WORK TO COMPLETE
From the line that contains "0, 0)), mode=Mode.PRIVATE)" to the end of the entries, write out every line exactly, including both ends, and nothing more.

Records from a data collection
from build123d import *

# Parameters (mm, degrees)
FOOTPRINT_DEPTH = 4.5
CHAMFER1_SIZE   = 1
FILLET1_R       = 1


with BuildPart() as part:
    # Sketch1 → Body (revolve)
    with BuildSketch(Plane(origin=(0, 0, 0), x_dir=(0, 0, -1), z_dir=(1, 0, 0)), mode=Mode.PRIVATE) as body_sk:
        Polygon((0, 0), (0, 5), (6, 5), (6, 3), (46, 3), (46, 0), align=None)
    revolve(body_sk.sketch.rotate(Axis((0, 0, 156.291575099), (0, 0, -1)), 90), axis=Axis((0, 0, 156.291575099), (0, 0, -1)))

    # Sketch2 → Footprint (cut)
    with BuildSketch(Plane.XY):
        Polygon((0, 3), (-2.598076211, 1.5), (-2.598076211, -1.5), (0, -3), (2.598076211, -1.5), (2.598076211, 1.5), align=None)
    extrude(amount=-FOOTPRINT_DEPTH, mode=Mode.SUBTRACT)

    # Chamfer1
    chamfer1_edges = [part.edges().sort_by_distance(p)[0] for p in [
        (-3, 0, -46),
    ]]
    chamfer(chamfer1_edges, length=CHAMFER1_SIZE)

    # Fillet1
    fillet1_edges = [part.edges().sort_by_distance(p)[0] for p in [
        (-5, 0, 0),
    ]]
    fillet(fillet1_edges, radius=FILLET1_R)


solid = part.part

ANSWER BOX
    with BuildSketch(Plane(origin=(0, 0, 0), x_dir=(0, 0, -1), z_dir=(1, 0, 0)), mode=Mode.PRIVATE) as body_sk:
        Polygon((0, 0), (0, 5), (6, 5), (6, 3), (46, 3), (46, 0), align=None)
    revolve(body_sk.sketch.rotate(Axis((0, 0, 156.291575099), (0, 0, -1)), 90), axis=Axis((0, 0, 156.291575099), (0, 0, -1)))

    # Sketch2 → Footprint (cut)
    with BuildSketch(Plane.XY):
        Polygon((0, 3), (-2.598076211, 1.5), (-2.598076211, -1.5), (0, -3), (2.598076211, -1.5), (2.598076211, 1.5), align=None)
    extrude(amount=-FOOTPRINT_DEPTH, mode=Mode.SUBTRACT)

    # Chamfer1
    chamfer1_edges = [part.edges().sort_by_distance(p)[0] for p in [
        (-3, 0, -46),
    ]]
    chamfer(chamfer1_edges, length=CHAMFER1_SIZE)

    # Fillet1
    fillet1_edges = [part.edges().sort_by_distance(p)[0] for p in [
        (-5, 0, 0),
    ]]
    fillet(fillet1_edges, radius=FILLET1_R)


solid = part.part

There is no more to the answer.